Dr Tykodi on the Selection Between IO/IO and IO/TKI Combinations in Frontline Advanced Clear Cell RCC

"The phenotype of the patient, how much disease they have, and how symptomatic they are [will] influence [treatment] choices."

Scott Tykodi, MD, PhD, an associate professor in the Clinical Research Division and an affiliate investigator in the Translational Science and Therapeutics Division at Fred Hutchinson Cancer Center, as well as an associate professor in the Division of Hematology and Oncology University at Washington School of Medicine, discussed key clinical considerations that inform selection between dual immuno-oncology (IO) combinations (IO/IO) vs combinations featuring IO plus a TKI (IO/TKI) in the frontline treatment of advanced clear cell renal cell carcinoma (RCC).

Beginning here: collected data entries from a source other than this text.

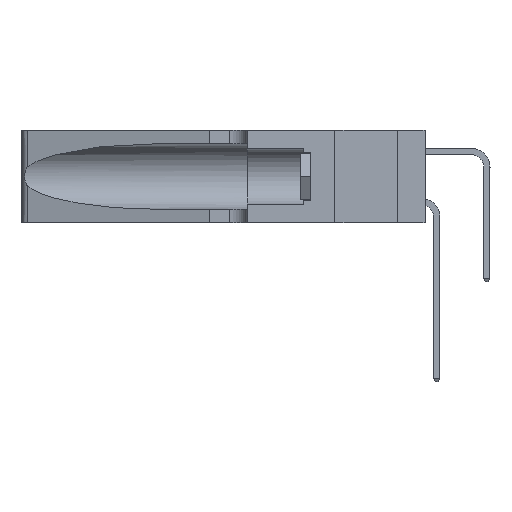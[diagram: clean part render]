
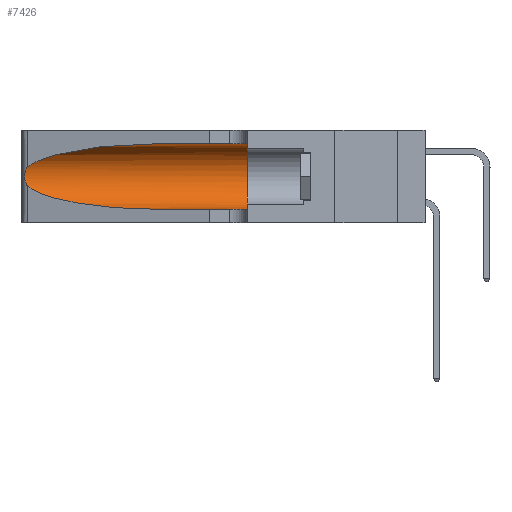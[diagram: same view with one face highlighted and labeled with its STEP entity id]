
A CAD part, left-side view. The second image highlights one B-rep face of the part: STEP entity #7426.
In plain terms, the highlighted cylindrical face has radius 3.308 mm (diameter 6.617 mm), a partial arc.
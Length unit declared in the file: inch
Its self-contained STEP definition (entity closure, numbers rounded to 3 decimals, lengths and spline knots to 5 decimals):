
#345 =( BOUNDED_CURVE ( )  B_SPLINE_CURVE ( 3, ( #40691, #24420, #21026, #4335 ),
 .UNSPECIFIED., .F., .F. ) 
 B_SPLINE_CURVE_WITH_KNOTS ( ( 4, 4 ),
 ( 3.44316, 4.71239 ),
 .UNSPECIFIED. ) 
 CURVE ( )  GEOMETRIC_REPRESENTATION_ITEM ( )  RATIONAL_B_SPLINE_CURVE ( ( 1., 0.87, 0.87, 1. ) ) 
 REPRESENTATION_ITEM ( '' )  );
#1148 = B_SPLINE_CURVE_WITH_KNOTS ( 'NONE', 3,
 ( #41512, #37668, #14358, #7727, #37817, #17713, #21090, #21404, #31242, #9010, #35099, #1625, #28159, #19008 ),
 .UNSPECIFIED., .F., .F.,
 ( 4, 2, 2, 2, 2, 2, 4 ),
 ( 0., 0.00027, 0.00053, 0.00107, 0.0016, 0.00187, 0.00214 ),
 .UNSPECIFIED. ) ;
#1230 = VERTEX_POINT ( 'NONE', #36437 ) ;
#1300 = CARTESIAN_POINT ( 'NONE',  ( 0.1305, 1.61858, 0.185 ) ) ;
#1625 = CARTESIAN_POINT ( 'NONE',  ( 0.25639, 1.23186, 0.15144 ) ) ;
#1864 = DIRECTION ( 'NONE',  ( 0., -1., 0. ) ) ;
#1897 = ORIENTED_EDGE ( 'NONE', *, *, #30798, .T. ) ;
#2101 = DIRECTION ( 'NONE',  ( 0., -1., 0. ) ) ;
#2417 = CARTESIAN_POINT ( 'NONE',  ( 0.1305, 0.72297, 0.31525 ) ) ;
#2603 = EDGE_CURVE ( 'NONE', #39979, #25991, #345, .T. ) ;
#2754 = VERTEX_POINT ( 'NONE', #25736 ) ;
#4335 = CARTESIAN_POINT ( 'NONE',  ( 0.1305, 0.72297, 0.05475 ) ) ;
#5504 = CARTESIAN_POINT ( 'NONE',  ( 0.25487, 1.22718, 0.22369 ) ) ;
#7426 = ADVANCED_FACE ( 'NONE', ( #25472 ), #13346, .F. ) ;
#7727 = CARTESIAN_POINT ( 'NONE',  ( 0.25787, 1.23484, 0.2124 ) ) ;
#7994 = ORIENTED_EDGE ( 'NONE', *, *, #2603, .T. ) ;
#8710 = VECTOR ( 'NONE', #2101, 39.37008 ) ;
#9010 = CARTESIAN_POINT ( 'NONE',  ( 0.25856, 1.23593, 0.16098 ) ) ;
#9680 = ORIENTED_EDGE ( 'NONE', *, *, #36451, .T. ) ;
#9765 = LINE ( 'NONE', #22212, #8710 ) ;
#11947 = DIRECTION ( 'NONE',  ( 0., -1., 0. ) ) ;
#12028 = VECTOR ( 'NONE', #1864, 39.37008 ) ;
#13346 = CYLINDRICAL_SURFACE ( 'NONE', #30089, 0.13025 ) ;
#13378 = DIRECTION ( 'NONE',  ( 0., 0., -1. ) ) ;
#14358 = CARTESIAN_POINT ( 'NONE',  ( 0.25639, 1.23184, 0.21858 ) ) ;
#14460 = CARTESIAN_POINT ( 'NONE',  ( 0.1305, 0.35, 0.185 ) ) ;
#15187 = CARTESIAN_POINT ( 'NONE',  ( 0.1305, 1.61858, 0.05475 ) ) ;
#16524 = ORIENTED_EDGE ( 'NONE', *, *, #33225, .T. ) ;
#16790 = CARTESIAN_POINT ( 'NONE',  ( 0.1305, 0.35, 0.05475 ) ) ;
#17027 = EDGE_CURVE ( 'NONE', #2754, #36010, #33521, .T. ) ;
#17377 = DIRECTION ( 'NONE',  ( 0., 1., 0. ) ) ;
#17713 = CARTESIAN_POINT ( 'NONE',  ( 0.26018, 1.23835, 0.19895 ) ) ;
#18272 = AXIS2_PLACEMENT_3D ( 'NONE', #14460, #17377, #40851 ) ;
#19008 = CARTESIAN_POINT ( 'NONE',  ( 0.25487, 1.22718, 0.14631 ) ) ;
#19938 = ORIENTED_EDGE ( 'NONE', *, *, #17027, .F. ) ;
#21026 = CARTESIAN_POINT ( 'NONE',  ( 0.18966, 0.96281, 0.05475 ) ) ;
#21090 = CARTESIAN_POINT ( 'NONE',  ( 0.26075, 1.23896, 0.19203 ) ) ;
#21404 = CARTESIAN_POINT ( 'NONE',  ( 0.26075, 1.23896, 0.178 ) ) ;
#22212 = CARTESIAN_POINT ( 'NONE',  ( 0.1305, 1.61858, 0.31525 ) ) ;
#24420 = CARTESIAN_POINT ( 'NONE',  ( 0.2373, 1.15595, 0.08982 ) ) ;
#24553 =( BOUNDED_CURVE ( )  B_SPLINE_CURVE ( 3, ( #2417, #39217, #42323, #5504 ),
 .UNSPECIFIED., .F., .F. ) 
 B_SPLINE_CURVE_WITH_KNOTS ( ( 4, 4 ),
 ( 1.5708, 2.84003 ),
 .UNSPECIFIED. ) 
 CURVE ( )  GEOMETRIC_REPRESENTATION_ITEM ( )  RATIONAL_B_SPLINE_CURVE ( ( 1., 0.87, 0.87, 1. ) ) 
 REPRESENTATION_ITEM ( '' )  );
#25472 = FACE_OUTER_BOUND ( 'NONE', #27610, .T. ) ;
#25736 = CARTESIAN_POINT ( 'NONE',  ( 0.1305, 0.35, 0.31525 ) ) ;
#25991 = VERTEX_POINT ( 'NONE', #34151 ) ;
#26922 = VERTEX_POINT ( 'NONE', #32483 ) ;
#27610 = EDGE_LOOP ( 'NONE', ( #9680, #1897, #7994, #16524, #19938, #29919 ) ) ;
#28159 = CARTESIAN_POINT ( 'NONE',  ( 0.25555, 1.22993, 0.14849 ) ) ;
#28521 = EDGE_CURVE ( 'NONE', #1230, #2754, #9765, .T. ) ;
#29919 = ORIENTED_EDGE ( 'NONE', *, *, #28521, .F. ) ;
#30089 = AXIS2_PLACEMENT_3D ( 'NONE', #1300, #11947, #13378 ) ;
#30798 = EDGE_CURVE ( 'NONE', #26922, #39979, #1148, .T. ) ;
#31242 = CARTESIAN_POINT ( 'NONE',  ( 0.26017, 1.23833, 0.17102 ) ) ;
#32483 = CARTESIAN_POINT ( 'NONE',  ( 0.25487, 1.22718, 0.22369 ) ) ;
#33225 = EDGE_CURVE ( 'NONE', #25991, #36010, #37169, .T. ) ;
#33521 = CIRCLE ( 'NONE', #18272, 0.13025 ) ;
#34151 = CARTESIAN_POINT ( 'NONE',  ( 0.1305, 0.72297, 0.05475 ) ) ;
#35099 = CARTESIAN_POINT ( 'NONE',  ( 0.25789, 1.23486, 0.15765 ) ) ;
#36010 = VERTEX_POINT ( 'NONE', #16790 ) ;
#36186 = CARTESIAN_POINT ( 'NONE',  ( 0.25487, 1.22718, 0.14631 ) ) ;
#36437 = CARTESIAN_POINT ( 'NONE',  ( 0.1305, 0.72297, 0.31525 ) ) ;
#36451 = EDGE_CURVE ( 'NONE', #1230, #26922, #24553, .T. ) ;
#37169 = LINE ( 'NONE', #15187, #12028 ) ;
#37668 = CARTESIAN_POINT ( 'NONE',  ( 0.25555, 1.22994, 0.2215 ) ) ;
#37817 = CARTESIAN_POINT ( 'NONE',  ( 0.25854, 1.2359, 0.20912 ) ) ;
#39217 = CARTESIAN_POINT ( 'NONE',  ( 0.18966, 0.96281, 0.31525 ) ) ;
#39979 = VERTEX_POINT ( 'NONE', #36186 ) ;
#40691 = CARTESIAN_POINT ( 'NONE',  ( 0.25487, 1.22718, 0.14631 ) ) ;
#40851 = DIRECTION ( 'NONE',  ( 0., 0., 1. ) ) ;
#41512 = CARTESIAN_POINT ( 'NONE',  ( 0.25487, 1.22718, 0.22369 ) ) ;
#42323 = CARTESIAN_POINT ( 'NONE',  ( 0.2373, 1.15595, 0.28018 ) ) ;

Patient phenotype, disease burden, and symptomatology are critical in guiding treatment strategy, Tykodi explained. The National Comprehensive Cancer Network Guidelines currently list the IO/IO combination of nivolumab (Opdivo) plus ipilimumab (Yervoy) as a preferred regimen for patients with favorable- or poor/intermediate–risk disease; however, only the poor/intermediate–risk recommendation is listed as category 1. Regarding IO/TKI combinations, axitinib (Inlyta) plus pembrolizumab (Keytruda), cabozantinib (Cabometyx) plus nivolumab, and lenvatinib (Lenvima) plus pembrolizumab all have category 1 recommendations as preferred regimens, regardless of risk. Notably, cabozantinib monotherapy is also a preferred regimen in patients with poor/intermediate–risk disease.

Iniitally, data from the phase 3 CheckMate 214 trial (NCT02231749) initially indicated poorer outcomes for nivolumab plus ipilimumab in favorable-risk patients compared with sunitinib (Sutent) monotherapy, Tykodi said. As a result, use of this IO/IO combination in this population has traditionally been limited, he added; however, longer-term follow-up from the study has demonstrated a potential overall survival (OS) advantage with nivolumab plus ipilimumab in patients with favorable-risk disease, prompting updates to clinical guidelines.

Despite this, most clinicians remain cautious when using IO/IO combinations in patients with favorable. These individuals often present with small-volume, asymptomatic, and indolent disease—such as isolated pulmonary metastases years after nephrectomy, Tykodi said. In such cases, clinicians may favor nivolumab plus ipilimumab to maximize long-term disease control and potentially induce durable responses, accepting the lower initial response rate in exchange for the possibility of prolonged OS. For these patients, the availability of subsequent lines of therapy is a critical safety net should progression occur.

In contrast, patients with high-volume or symptomatic disease at diagnosis are more appropriately treated with IO/TKI combinations, Tykodi elaborated. These regimens are associated with higher initial overall response rates, improved disease control, and lower incidence of primary refractory disease. They provide more immediate tumor shrinkage and symptomatic relief, which is particularly important in patients with rapidly progressive or symptomatic disease, he said.

Tykodi emphasized the value of tailoring therapy based on clinical presentation, with the flexibility to sequence agents based on initial response and emerging therapeutic options.